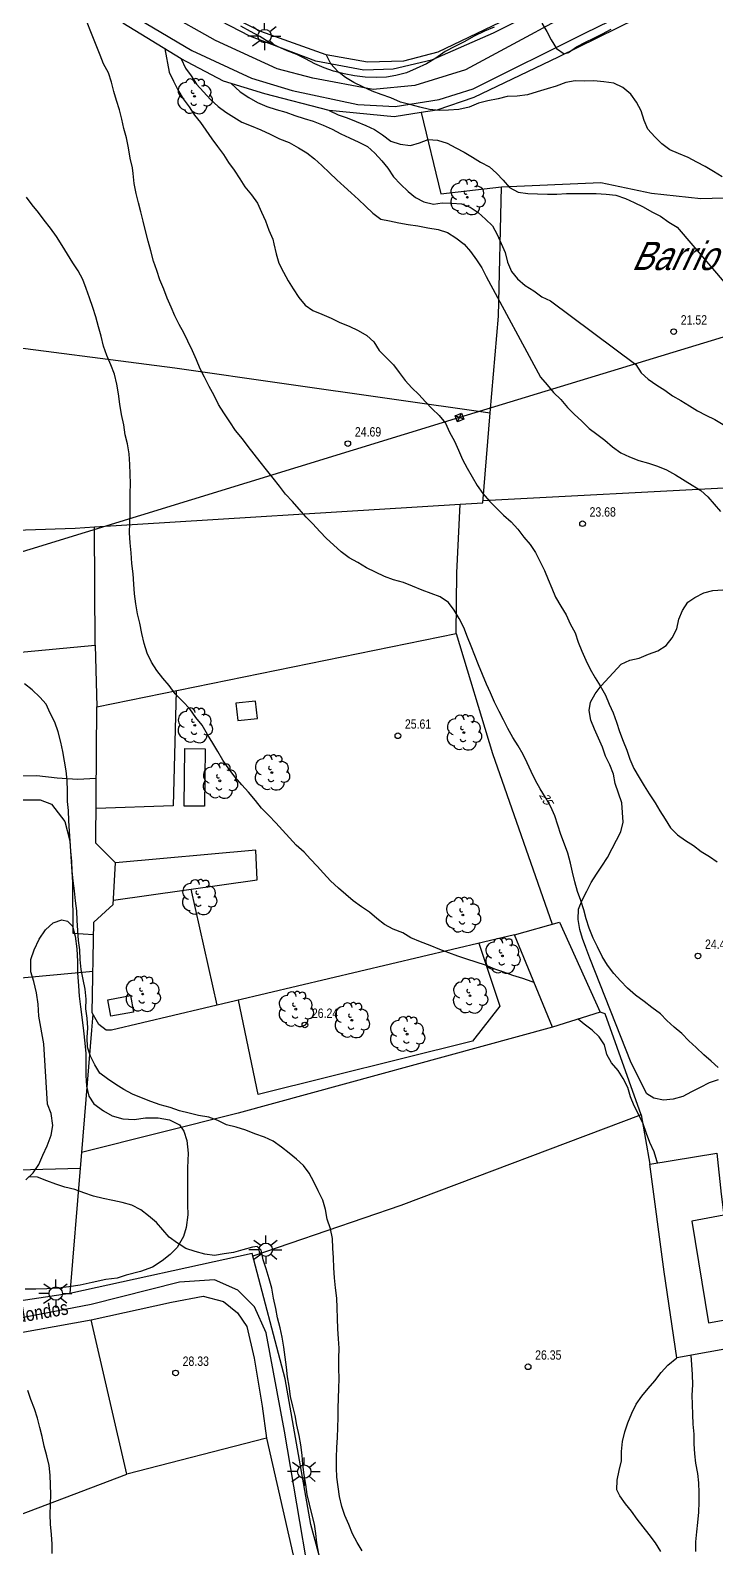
# Model space of a CAD drawing. Header units: millimetres. Extents: x 0 to 759000, y 0 to 594000.
# Drawn here: x 384265 to 457152, y 113585 to 275005 of the extents above; entities that cross this region are included whole.
import ezdxf
from ezdxf.enums import TextEntityAlignment as Align

# ---------------------------------------------------------------- set-up
doc = ezdxf.new("R2010")
doc.units = ezdxf.units.MM
doc.header["$LTSCALE"] = 0.05
doc.layers.get('0').update_dxf_attribs({"color": 250})
doc.styles.get("Standard").update_dxf_attribs({"font": 'arial.ttf'})

# ---------------------------------------------------------------- blocks, each defined once
blk = doc.blocks.new('COTAP')
at = {"color": 0}
blk.add_circle((0, 0), 0.3, dxfattribs=at)
blk = doc.blocks.new('FAROLA')
at = {"color": 0}
for p, q in [((-0.71, 0), (-1.79, 0)), ((-1.26, 1.02), (-0.51, 0.49)), ((0, 0.71), (0, 1.51)), ((1.21, 0.98), (0.55, 0.45)), ((0.71, 0), (1.71, 0)), ((-1.3, -1.04), (-0.51, -0.48)), ((0, -0.71), (0, -1.51)), ((1.17, -1.04), (0.51, -0.49))]:
    blk.add_line(p, q, dxfattribs=at)
blk.add_circle((0, 0), 0.71, dxfattribs=at)
blk = doc.blocks.new('ARBOL')
at = {"color": 0}
blk.add_circle((0, 0), 0.0939, dxfattribs=at)
for centre, radius, start, end in [((-0.45, 1.37), 0.48, 359.2878, 173.6078), ((0.16, 1.55), 0.336, 23.1565, 160.4665), ((0.7, 1.41), 0.384, 301.578, 139.328), ((-0.9, 0.61), 0.852, 92.28, 254.58), ((-0.15, 0.51), 0.192, 119.14, 310.56), ((1.05, 0.46), 0.708, 319.8556, 114.7656), ((1.31, -0.4), 0.612, 235.5275, 62.0275), ((-0.89, -0.54), 0.888, 142.64, 266.54), ((-0.48, -1.08), 0.72, 213.78, 295.32), ((-0.06, -0.61), 0.336, 189.64, 323.88), ((0.48, -1), 0.852, 224.67, 0.24)]:
    blk.add_arc(centre, radius, start, end, dxfattribs=at)

msp = doc.modelspace()

# ---------------------------------------------------------------- linework, layer by layer
at = {"flags": 128}
for points in [[(428772, 326170), (445052, 290100), (448282, 282890), (443892, 280690), (434192, 275840), (427592, 272700), (423942, 271730), (420122, 271630), (415732, 272390), (412732, 273470), (408782, 274890), (403502, 277520), (399062, 279870), (385692, 287110)], [(628942, 295450), (493782, 253290), (429902, 233820), (321732, 200580)], [(391742, 278640), (401452, 272870), (407792, 269900), (412102, 268620), (419102, 267100), (423072, 266920), (427732, 267640), (431372, 268780), (443302, 274750), (454982, 280450)], [(457082, 280390), (440392, 272150), (431422, 267860), (427502, 266530), (425822, 266270), (422942, 265820), (416042, 266490), (409202, 268240), (404802, 269610), (400322, 271960), (394102, 275780)], [(444202, 280090), (433472, 274710), (426922, 271840), (422842, 270860), (419722, 270770), (414632, 271720), (407602, 274400), (400472, 278080)], [(433582, 275350), (432572, 274910), (431472, 274380), (430422, 273790), (429402, 273290), (428392, 272740), (427382, 272040), (426392, 271450), (425282, 270950), (424282, 270490), (423152, 270190), (422152, 270030), (421082, 270000), (419882, 270020), (418742, 270170), (417652, 270370), (416512, 270660), (415502, 271000), (414532, 271450), (413522, 271960), (412612, 272420), (411592, 272840), (410632, 273250), (409612, 273750), (408662, 274360), (407692, 274880), (406662, 275450)], [(425822, 266270), (427912, 257610), (434382, 258360)], [(433182, 234300), (434052, 244610), (434382, 258360)], [(434382, 258360), (444952, 258830), (450342, 257700), (455592, 257110), (473452, 257630), (491212, 258570)], [(378772, 241810), (399642, 239110), (411522, 237410), (433182, 234300)], [(429452, 234010), (430112, 234270)], [(429907, 233820), (430112, 234270)], [(429972, 224600), (432382, 224750), (433182, 234300)], [(430112, 234270), (430362, 233630)], [(429907, 233820), (429452, 234010)], [(429702, 233370), (429452, 234010)], [(429702, 233370), (429907, 233820)], [(430362, 233630), (429702, 233370)], [(430362, 233630), (429907, 233820)], [(432402, 224990), (459352, 226390)], [(391092, 222179), (429972, 224600)], [(429562, 210850), (429612, 217280), (429972, 224600)], [(341352, 220450), (355202, 220920), (389022, 222050), (391092, 222179)], [(391152, 209580), (391092, 222179)], [(447092, 207580), (448012, 208010), (449002, 208230), (450012, 208630), (451002, 208980), (451902, 209560), (452512, 210380), (453032, 211320), (453222, 212360), (453642, 213280), (454182, 214160), (454922, 214680), (455882, 215160), (456862, 215410), (457922, 215480)], [(393332, 186440), (391242, 188520), (391322, 203020), (429562, 210850), (433412, 198080), (439762, 179910)], [(344372, 204880), (355202, 206020), (373742, 207960), (391152, 209580)], [(391152, 209580), (391322, 203020)], [(457422, 163370), (456462, 163040), (455522, 162550), (454582, 162090), (453662, 161570), (452622, 161310), (451612, 161200), (450592, 161390), (449822, 161880), (448172, 165150), (443772, 176290), (443332, 177440), (442982, 178380), (442722, 179360), (442542, 180410), (442572, 181500), (442972, 182470), (443442, 183410), (443922, 184360), (444472, 185230), (445052, 186090), (445632, 187010), (446132, 187950), (446592, 188840), (447082, 189750), (447302, 190780), (447252, 191800), (447162, 192820), (446812, 193860), (446482, 194890), (446272, 195870), (445902, 196860), (445452, 197770), (445112, 198740), (444702, 199710), (444252, 200660), (443892, 201630), (443692, 202630), (443852, 203520), (444322, 204430), (444972, 205280), (447092, 207580)], [(399762, 204750), (399452, 192490), (391262, 192220)], [(406332, 201570), (408412, 201800), (408212, 203650), (406122, 203420), (406332, 201570)], [(402862, 198580), (402772, 192460), (400622, 192480), (400702, 198600), (402862, 198580)], [(391272, 195400), (389292, 195290), (387102, 195450), (384952, 195690), (381982, 195630), (374932, 193560), (364122, 190790), (354402, 188390), (347312, 186470), (341552, 185560), (335762, 184980), (328822, 184280), (324832, 184900)], [(325762, 180140), (326692, 181340), (327692, 181780), (336392, 182890), (343892, 183720), (351282, 185430), (367692, 189740), (380182, 192560), (383462, 193140), (385292, 193150), (386532, 192670), (387922, 190830), (388482, 188790), (388752, 184390), (388772, 178940), (390992, 178800)], [(393102, 182480), (408402, 184630), (408242, 187770), (393332, 186440)], [(393072, 182010), (393332, 186440)], [(404122, 171290), (401382, 183640)], [(435752, 178780), (392892, 168630), (392342, 168630), (391532, 169240), (390852, 170470), (391012, 180120), (393072, 182010)], [(385702, 167170), (385162, 170110), (385082, 171390), (384932, 172600), (384622, 173800), (384312, 174850), (384312, 176140), (384682, 177190), (385202, 178320), (385882, 179310), (386702, 180060), (387612, 180370), (388212, 180220), (388742, 179690), (389042, 178640), (389202, 177290), (389282, 175930), (389292, 174720), (389372, 173370), (389452, 172240), (389602, 171110), (389762, 169750), (389922, 168550), (390072, 167270), (390152, 166140), (390162, 165080), (390162, 163800), (390242, 162670), (390472, 161620), (391002, 160790), (392062, 160040), (392972, 159520), (394102, 159220), (395302, 159150), (396512, 159310), (397862, 159310), (399072, 159090), (400132, 158570), (400582, 157890), (400892, 156910), (401042, 155560), (400982, 153980), (400982, 152850), (400992, 151490), (400992, 150060), (401002, 149000), (400852, 147650), (400552, 146670), (399882, 145530), (399132, 144780), (398302, 144100), (397252, 143410), (395972, 142960), (394472, 142570), (393492, 142270), (392282, 142110), (390852, 141800), (389572, 141500), (388372, 141340), (387242, 141190), (386032, 141110), (384832, 141100), (383702, 141100)], [(440532, 180130), (444852, 170540), (439792, 168940), (435752, 178780), (440532, 180130)], [(431972, 177880), (434212, 171200), (431302, 167470), (408512, 161810), (406402, 171830)], [(328682, 169170), (355202, 171620), (390932, 174920)], [(392822, 170130), (392502, 171880), (394912, 172310), (395222, 170570), (392822, 170130)], [(390922, 170350), (390772, 168640), (389692, 155640)], [(449242, 159630), (445412, 170380), (444852, 170540)], [(439792, 168940), (406372, 159800), (389692, 155640)], [(383802, 152700), (384552, 153460), (385152, 154360), (385602, 155340), (386052, 156330), (386492, 157460), (386642, 158510), (386482, 159790), (386102, 160770), (385702, 167170)], [(449242, 159630), (423662, 149980), (407942, 144590)], [(449242, 159630), (450162, 154390)], [(389692, 155640), (389552, 153940)], [(459262, 137430), (459692, 134990), (453012, 133790), (451682, 142940), (450162, 154390), (457272, 155570), (457752, 151180), (458012, 148970), (454622, 148330), (456382, 137490), (459162, 138000)], [(332102, 152460), (355202, 153050), (389552, 153940)], [(389552, 153940), (388452, 140610)], [(388452, 140610), (367952, 137530), (352602, 138180), (338942, 139550), (337482, 139960), (336182, 140440), (335312, 141210), (334562, 142150), (334112, 143210), (333782, 144270), (333652, 145280), (332102, 152460)], [(412602, 92000), (415692, 94650), (416792, 95970), (417762, 97090), (418322, 97940), (418672, 98960), (418782, 100020), (418542, 101040), (418042, 101950), (417572, 102870), (417342, 103890), (417112, 104930), (414082, 116060), (411382, 131540), (407872, 144870), (388452, 140610)], [(409392, 125230), (394532, 121410), (390732, 137810), (399262, 139690), (402652, 140330), (404792, 139760), (406312, 138580), (407292, 137120), (408052, 133730), (408922, 128650), (409392, 125230)], [(373582, 134750), (390732, 137810)], [(451312, 113180), (450762, 114090), (450092, 114990), (449452, 115800), (448822, 116630), (448212, 117460), (447562, 118260), (446952, 119090), (446642, 119730), (446692, 120770), (446882, 121780), (447122, 122810), (447152, 123820), (447262, 124880), (447482, 125910), (447822, 126870), (448252, 127890), (448712, 128840), (449312, 129690), (449962, 130530), (450672, 131320), (451352, 132220), (452052, 132990), (453012, 133790)], [(409392, 125230), (412872, 109980), (413962, 106670), (414572, 104390), (415102, 102330), (415432, 100740), (415522, 99530), (415242, 98710), (414872, 98080), (407672, 92000), (397802, 83670), (394722, 84500), (392752, 82890), (393852, 80190), (390087, 77000)], [(377402, 114920), (394532, 121410)]]:
    msp.add_lwpolyline(points, dxfattribs=at)
at = {"ltscale": 0.25, "flags": 128}
for points in [[(553382, 265990), (546492, 268570), (515992, 282770), (500582, 291010), (489152, 296650), (481152, 296690), (471462, 293470), (462072, 287000), (456122, 283730), (445682, 278990), (430552, 270800), (425142, 269130), (420742, 268700), (414322, 269930), (410502, 270910), (403972, 273910), (398522, 276990), (385762, 283770), (376982, 287080)], [(392432, 77000), (409982, 92000), (412122, 93820), (415842, 97410), (416812, 100440), (416122, 103610), (413912, 110510), (411292, 125960), (409362, 136440), (408122, 139200), (406332, 140990), (403852, 142090), (400122, 141820), (390742, 139470), (377232, 136850)]]:
    msp.add_lwpolyline(points, dxfattribs=at)
for points, elevation in [([(457432, 164680), (456662, 165330), (455892, 166000), (455072, 166780), (454302, 167510), (453552, 168270), (452732, 168970), (451972, 169660), (451272, 170380), (450372, 171060), (449532, 171700), (448632, 172350), (447792, 173090), (447042, 173870), (446312, 174670), (445662, 175560), (445082, 176470), (444582, 177490), (444122, 178440), (443702, 179480), (443392, 180480), (443122, 181450), (442812, 182440), (442462, 183400), (442192, 184430), (441922, 185440), (441712, 186420), (441422, 187460), (441062, 188430), (440692, 189460), (440362, 190450), (440062, 191440), (439612, 192400), (439062, 193380), (438482, 194330), (437992, 195200), (437532, 196140), (437102, 197080), (436672, 197980), (436142, 198890), (435592, 199790), (435052, 200720), (434582, 201650), (434112, 202550), (433632, 203520), (433192, 204520), (432782, 205450), (432352, 206490), (431942, 207500), (431532, 208500), (431152, 209500), (430742, 210440), (430352, 211480), (429862, 212420), (429342, 213310), (428732, 214130), (427852, 214750), (426902, 215090), (425922, 215440), (424922, 215860), (423942, 216260), (422902, 216560), (421942, 216910), (420992, 217380), (420012, 217820), (419082, 218380), (418162, 218880), (417322, 219520), (416522, 220260), (415772, 220950), (415062, 221680), (414322, 222490), (413602, 223210), (412862, 224050), (412152, 224890), (411412, 225650), (410762, 226520), (410092, 227370), (409372, 228250), (408712, 229090), (408072, 229900), (407432, 230720), (406812, 231540), (406102, 232450), (405472, 233360), (404832, 234310), (404282, 235190), (403802, 236160), (403272, 237100), (402772, 238100), (402332, 239000), (401922, 239940), (401502, 240920), (401032, 241920), (400582, 242830), (400102, 243710), (399622, 244630), (399242, 245560), (398812, 246530), (398462, 247470), (398052, 248480), (397702, 249460), (397362, 250440), (397072, 251540), (396802, 252590), (396512, 253670), (396272, 254710), (396032, 255690), (395762, 256650), (395512, 257630), (395312, 258720), (395212, 259770), (395122, 260370), (394872, 261410), (394702, 262520), (394502, 263570), (394202, 264570), (393992, 265570), (393732, 266550), (393422, 267530), (393152, 268510), (392912, 269500), (392572, 270500), (392062, 271440), (391692, 272380), (389332, 278370)], 25000), ([(438682, 275770), (439202, 274880), (439672, 273980), (440242, 273080), (441042, 272500), (441492, 272640), (442352, 273260), (443292, 273730), (444202, 274170), (445102, 274620), (446042, 275120)], 19000), ([(398552, 273050), (399032, 270570), (399502, 269610), (399962, 268680), (400522, 267720), (401152, 266850), (401722, 265980), (402352, 265190), (402942, 264370), (403562, 263460), (404172, 262630), (404802, 261790), (405352, 260960), (405942, 260130), (406532, 259200), (407092, 258360), (407772, 257490), (408412, 256610), (408852, 255660), (409272, 254750), (409632, 253750), (410042, 252780), (410152, 252280), (410412, 251240), (410702, 250250), (411182, 249280), (411672, 248340), (412202, 247490), (412812, 246590), (413492, 245770), (414312, 245190), (415272, 244800), (416262, 244380), (417192, 243930), (418182, 243540), (419132, 243060), (420062, 242540), (420792, 241860), (421382, 240930), (422152, 240180), (422872, 239420), (423502, 238590), (424142, 237750), (424822, 236970), (425572, 236260), (426282, 235480), (427002, 234750), (427762, 234040), (428432, 233210), (428852, 232250), (429362, 231310), (429802, 230340), (430212, 229360), (430722, 228430), (431252, 227500), (431792, 226570), (432402, 225740), (433092, 224920), (433812, 224190), (434572, 223430), (435392, 222730), (436112, 221940), (436742, 221100), (437422, 220310), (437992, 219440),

### Problem:
Could you reproduce, exactly, every line above from the line with "blk.add_circle((0, 0), 0.3, dxfattribs=at)" to the line with "blk.add_circle((0, 0), 0.0939, dxfattribs=at)", and no other line? Both ends count.

### Output of the task:
blk.add_circle((0, 0), 0.3, dxfattribs=at)
blk = doc.blocks.new('FAROLA')
at = {"color": 0}
for p, q in [((-0.71, 0), (-1.79, 0)), ((-1.26, 1.02), (-0.51, 0.49)), ((0, 0.71), (0, 1.51)), ((1.21, 0.98), (0.55, 0.45)), ((0.71, 0), (1.71, 0)), ((-1.3, -1.04), (-0.51, -0.48)), ((0, -0.71), (0, -1.51)), ((1.17, -1.04), (0.51, -0.49))]:
    blk.add_line(p, q, dxfattribs=at)
blk.add_circle((0, 0), 0.71, dxfattribs=at)
blk = doc.blocks.new('ARBOL')
at = {"color": 0}
blk.add_circle((0, 0), 0.0939, dxfattribs=at)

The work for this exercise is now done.